People that build nuclear power plants on the shores of earthquake-prone countries are no different from those that walked with gourds by the water in the fourteenth century. Both are guilty of doing something that is forbidden in close proximity to water—probably because they made containers that violated the laws of nature. Sealed nuclear fuel containment compartments in nuclear reactors can never be opened up. The nuclear power plant with a catfish on the roof is a container in which nuclear fission takes place repeatedly in a sealed space. This in and of itself is incompatible with natural containers premised on flow, so that when an accident happens and the inside is exposed, we once again awaken to the fact that it can only end in tragedy.
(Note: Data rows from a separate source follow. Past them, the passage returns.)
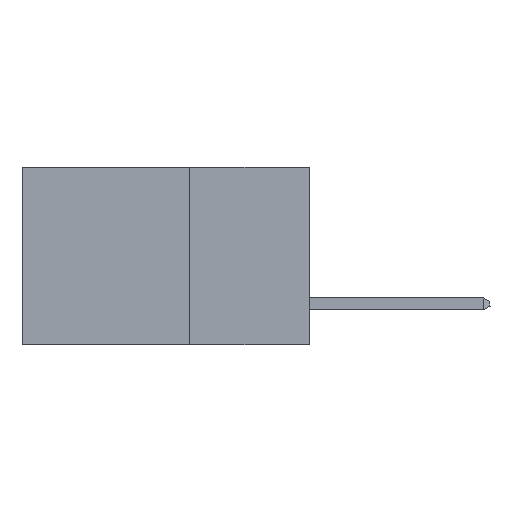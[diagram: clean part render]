
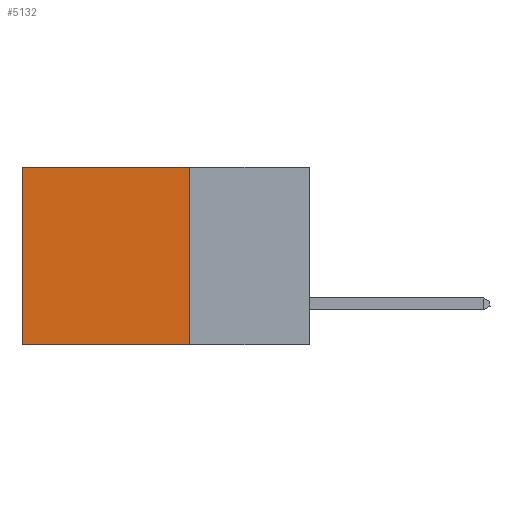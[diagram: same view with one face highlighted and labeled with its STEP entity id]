
A CAD part, left-side view. The second image highlights one B-rep face of the part: STEP entity #5132.
In plain terms, the highlighted planar face has unit normal (-1, 0, 0).
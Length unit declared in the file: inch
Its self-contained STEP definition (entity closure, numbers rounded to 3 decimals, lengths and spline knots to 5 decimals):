
#29 = DIRECTION ( 'NONE',  ( 1., 0., 0. ) ) ;
#1106 = DIRECTION ( 'NONE',  ( 0., 1., 0. ) ) ;
#1989 = ORIENTED_EDGE ( 'NONE', *, *, #24703, .F. ) ;
#2597 = ORIENTED_EDGE ( 'NONE', *, *, #14420, .T. ) ;
#4702 = VERTEX_POINT ( 'NONE', #22053 ) ;
#4756 = EDGE_CURVE ( 'NONE', #12705, #4702, #7220, .T. ) ;
#5132 = ADVANCED_FACE ( 'NONE', ( #9450 ), #7280, .F. ) ;
#5362 = ORIENTED_EDGE ( 'NONE', *, *, #30551, .F. ) ;
#6545 = LINE ( 'NONE', #18220, #8051 ) ;
#6672 = ORIENTED_EDGE ( 'NONE', *, *, #4756, .T. ) ;
#7220 = LINE ( 'NONE', #29317, #10247 ) ;
#7280 = PLANE ( 'NONE',  #27326 ) ;
#7538 = CARTESIAN_POINT ( 'NONE',  ( 0.2875, 0.25, 0. ) ) ;
#7583 = DIRECTION ( 'NONE',  ( 0., 0., -1. ) ) ;
#8051 = VECTOR ( 'NONE', #1106, 39.37008 ) ;
#9450 = FACE_OUTER_BOUND ( 'NONE', #11450, .T. ) ;
#9608 = LINE ( 'NONE', #7538, #30989 ) ;
#10247 = VECTOR ( 'NONE', #7583, 39.37008 ) ;
#11450 = EDGE_LOOP ( 'NONE', ( #6672, #5362, #1989, #2597 ) ) ;
#12705 = VERTEX_POINT ( 'NONE', #30851 ) ;
#12753 = DIRECTION ( 'NONE',  ( 0., 0., -1. ) ) ;
#12810 = LINE ( 'NONE', #13114, #22304 ) ;
#13114 = CARTESIAN_POINT ( 'NONE',  ( 0.2875, 0.25, 0. ) ) ;
#13422 = VERTEX_POINT ( 'NONE', #27185 ) ;
#14420 = EDGE_CURVE ( 'NONE', #13422, #12705, #12810, .T. ) ;
#17502 = CARTESIAN_POINT ( 'NONE',  ( 0.2875, 0.25, -0.37 ) ) ;
#18220 = CARTESIAN_POINT ( 'NONE',  ( 0.2875, 0.25, -0.37 ) ) ;
#22053 = CARTESIAN_POINT ( 'NONE',  ( 0.2875, 0.6, -0.37 ) ) ;
#22304 = VECTOR ( 'NONE', #25416, 39.37008 ) ;
#24279 = CARTESIAN_POINT ( 'NONE',  ( 0.2875, 0.25, 0. ) ) ;
#24362 = VERTEX_POINT ( 'NONE', #17502 ) ;
#24703 = EDGE_CURVE ( 'NONE', #13422, #24362, #9608, .T. ) ;
#24889 = DIRECTION ( 'NONE',  ( 0., 0., -1. ) ) ;
#25416 = DIRECTION ( 'NONE',  ( 0., 1., 0. ) ) ;
#27185 = CARTESIAN_POINT ( 'NONE',  ( 0.2875, 0.25, 0. ) ) ;
#27326 = AXIS2_PLACEMENT_3D ( 'NONE', #24279, #29, #24889 ) ;
#29317 = CARTESIAN_POINT ( 'NONE',  ( 0.2875, 0.6, 0. ) ) ;
#30551 = EDGE_CURVE ( 'NONE', #24362, #4702, #6545, .T. ) ;
#30851 = CARTESIAN_POINT ( 'NONE',  ( 0.2875, 0.6, 0. ) ) ;
#30989 = VECTOR ( 'NONE', #12753, 39.37008 ) ;

Can humanity endure peacefully through the Atomic Age? Will a man walking by the water trying to catch a beast with a gourd end up falling in? People born in the Gourd Age must once again look inside the gourd, for the seeds of hope might lay inside that little plant.



1. The European and American sailing ships that knocked on Japan’s door at the beginning of the modern era, especially those in Commodore Matthew Perry’s armada that arrived at Kanagawa Ken in 1853 and forced the opening of the harbor, shaking the nation from top to bottom.